▶ **Work item**
What lines of the data below hold the string "entryDx"? Copy each one out.
(Listed entries)
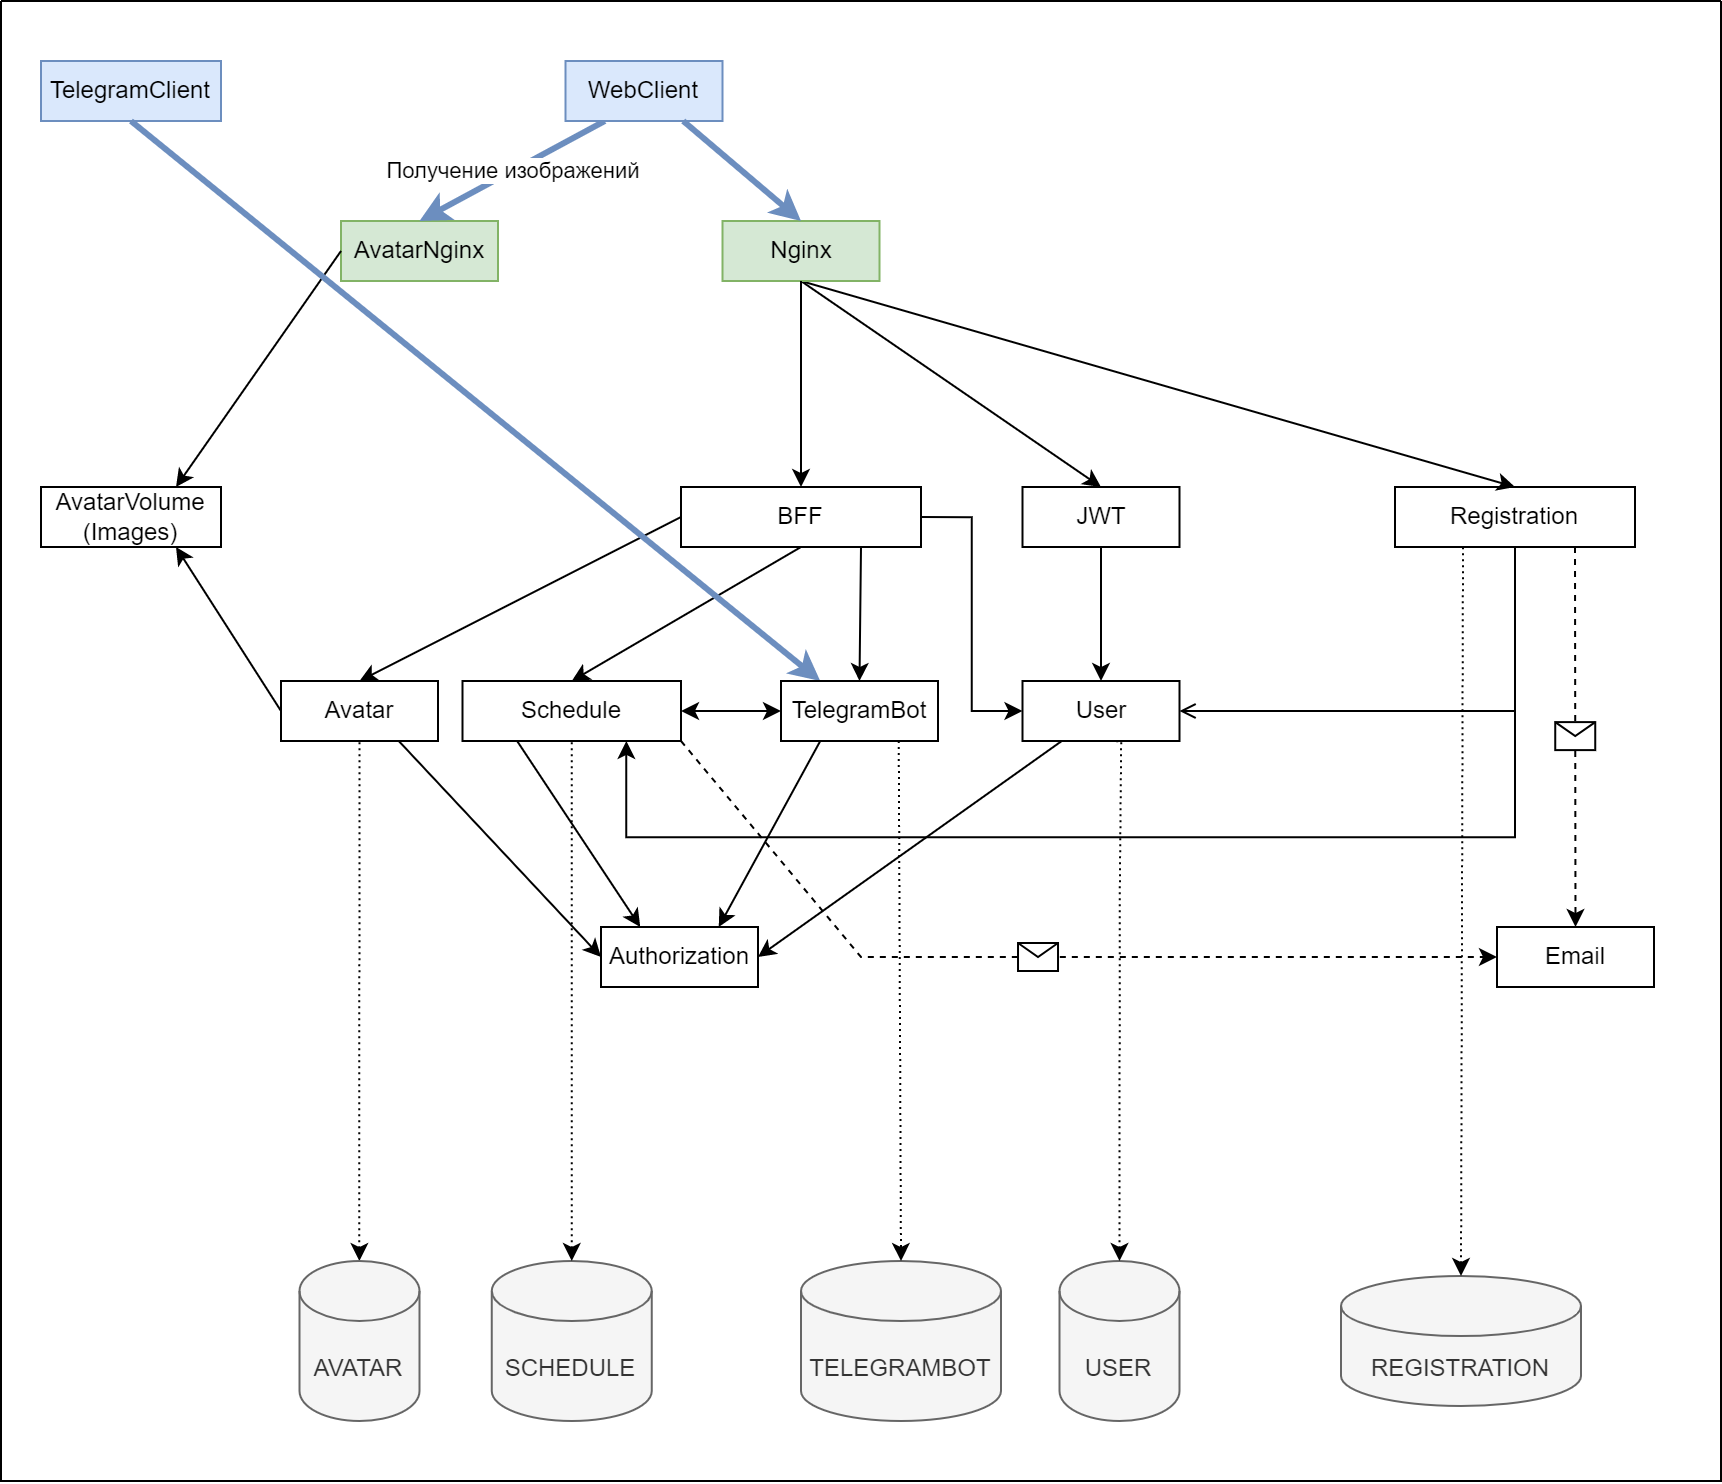

The diagram above was exported from draw.io. Its source (the exported page's mxGraphModel, read from the mxfile embedded in the PNG):
<mxGraphModel dx="1887" dy="1053" grid="1" gridSize="10" guides="1" tooltips="1" connect="1" arrows="1" fold="1" page="1" pageScale="1" pageWidth="827" pageHeight="1169" math="0" shadow="0">
  <root>
    <mxCell id="0" />
    <mxCell id="1" parent="0" />
    <mxCell id="hiX22UkawsweQj54cd4N-7" value="JWT" style="rounded=0;whiteSpace=wrap;html=1;" parent="1" vertex="1">
      <mxGeometry x="510.75" y="243" width="78.5" height="30" as="geometry" />
    </mxCell>
    <mxCell id="hiX22UkawsweQj54cd4N-8" value="User" style="rounded=0;whiteSpace=wrap;html=1;" parent="1" vertex="1">
      <mxGeometry x="510.75" y="340" width="78.5" height="30" as="geometry" />
    </mxCell>
    <mxCell id="hiX22UkawsweQj54cd4N-10" value="Registration" style="rounded=0;whiteSpace=wrap;html=1;" parent="1" vertex="1">
      <mxGeometry x="697" y="243" width="120" height="30" as="geometry" />
    </mxCell>
    <mxCell id="hiX22UkawsweQj54cd4N-11" value="Email" style="rounded=0;whiteSpace=wrap;html=1;" parent="1" vertex="1">
      <mxGeometry x="748" y="463" width="78.5" height="30" as="geometry" />
    </mxCell>
    <mxCell id="hiX22UkawsweQj54cd4N-14" value="Schedule" style="rounded=0;whiteSpace=wrap;html=1;" parent="1" vertex="1">
      <mxGeometry x="230.75" y="340" width="109.25" height="30" as="geometry" />
    </mxCell>
    <mxCell id="hiX22UkawsweQj54cd4N-22" value="" style="endArrow=none;html=1;rounded=0;exitX=0.5;exitY=0;exitDx=0;exitDy=0;entryX=0.5;entryY=1;entryDx=0;entryDy=0;endFill=0;startArrow=classic;startFill=1;" parent="1" source="hiX22UkawsweQj54cd4N-7" target="gl-ooaWafGvAzmjAQwMA-1" edge="1">
      <mxGeometry width="50" height="50" relative="1" as="geometry">
        <mxPoint x="600" y="423" as="sourcePoint" />
        <mxPoint x="470.75" y="323" as="targetPoint" />
      </mxGeometry>
    </mxCell>
    <mxCell id="hiX22UkawsweQj54cd4N-26" value="" style="endArrow=classic;html=1;rounded=0;entryX=0.5;entryY=0;entryDx=0;entryDy=0;exitX=0.5;exitY=1;exitDx=0;exitDy=0;endFill=1;" parent="1" source="hiX22UkawsweQj54cd4N-7" target="hiX22UkawsweQj54cd4N-8" edge="1">
      <mxGeometry width="50" height="50" relative="1" as="geometry">
        <mxPoint x="680" y="423" as="sourcePoint" />
        <mxPoint x="730" y="373" as="targetPoint" />
      </mxGeometry>
    </mxCell>
    <mxCell id="hiX22UkawsweQj54cd4N-27" value="" style="endArrow=open;html=1;rounded=0;entryX=1;entryY=0.5;entryDx=0;entryDy=0;exitX=0.5;exitY=1;exitDx=0;exitDy=0;endFill=0;" parent="1" source="hiX22UkawsweQj54cd4N-10" target="hiX22UkawsweQj54cd4N-8" edge="1">
      <mxGeometry width="50" height="50" relative="1" as="geometry">
        <mxPoint x="610" y="453" as="sourcePoint" />
        <mxPoint x="610" y="473" as="targetPoint" />
        <Array as="points">
          <mxPoint x="757" y="355" />
          <mxPoint x="670" y="355" />
        </Array>
      </mxGeometry>
    </mxCell>
    <mxCell id="hiX22UkawsweQj54cd4N-29" value="" style="endArrow=none;html=1;rounded=0;entryX=0.5;entryY=1;entryDx=0;entryDy=0;exitX=0.5;exitY=0;exitDx=0;exitDy=0;endFill=0;startArrow=classic;startFill=1;" parent="1" source="hiX22UkawsweQj54cd4N-10" target="gl-ooaWafGvAzmjAQwMA-1" edge="1">
      <mxGeometry width="50" height="50" relative="1" as="geometry">
        <mxPoint x="680" y="423" as="sourcePoint" />
        <mxPoint x="730" y="373" as="targetPoint" />
      </mxGeometry>
    </mxCell>
    <mxCell id="hiX22UkawsweQj54cd4N-31" value="" style="endArrow=none;html=1;rounded=0;exitX=0.5;exitY=0;exitDx=0;exitDy=0;entryX=0.5;entryY=1;entryDx=0;entryDy=0;endFill=0;startArrow=classic;startFill=1;" parent="1" source="hiX22UkawsweQj54cd4N-14" target="gl-ooaWafGvAzmjAQwMA-2" edge="1">
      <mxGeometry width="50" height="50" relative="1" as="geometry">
(End Listed entries)
▶ **Exercise response**
    <mxCell id="hiX22UkawsweQj54cd4N-22" value="" style="endArrow=none;html=1;rounded=0;exitX=0.5;exitY=0;exitDx=0;exitDy=0;entryX=0.5;entryY=1;entryDx=0;entryDy=0;endFill=0;startArrow=classic;startFill=1;" parent="1" source="hiX22UkawsweQj54cd4N-7" target="gl-ooaWafGvAzmjAQwMA-1" edge="1">
    <mxCell id="hiX22UkawsweQj54cd4N-26" value="" style="endArrow=classic;html=1;rounded=0;entryX=0.5;entryY=0;entryDx=0;entryDy=0;exitX=0.5;exitY=1;exitDx=0;exitDy=0;endFill=1;" parent="1" source="hiX22UkawsweQj54cd4N-7" target="hiX22UkawsweQj54cd4N-8" edge="1">
    <mxCell id="hiX22UkawsweQj54cd4N-27" value="" style="endArrow=open;html=1;rounded=0;entryX=1;entryY=0.5;entryDx=0;entryDy=0;exitX=0.5;exitY=1;exitDx=0;exitDy=0;endFill=0;" parent="1" source="hiX22UkawsweQj54cd4N-10" target="hiX22UkawsweQj54cd4N-8" edge="1">
    <mxCell id="hiX22UkawsweQj54cd4N-29" value="" style="endArrow=none;html=1;rounded=0;entryX=0.5;entryY=1;entryDx=0;entryDy=0;exitX=0.5;exitY=0;exitDx=0;exitDy=0;endFill=0;startArrow=classic;startFill=1;" parent="1" source="hiX22UkawsweQj54cd4N-10" target="gl-ooaWafGvAzmjAQwMA-1" edge="1">
    <mxCell id="hiX22UkawsweQj54cd4N-31" value="" style="endArrow=none;html=1;rounded=0;exitX=0.5;exitY=0;exitDx=0;exitDy=0;entryX=0.5;entryY=1;entryDx=0;entryDy=0;endFill=0;startArrow=classic;startFill=1;" parent="1" source="hiX22UkawsweQj54cd4N-14" target="gl-ooaWafGvAzmjAQwMA-2" edge="1">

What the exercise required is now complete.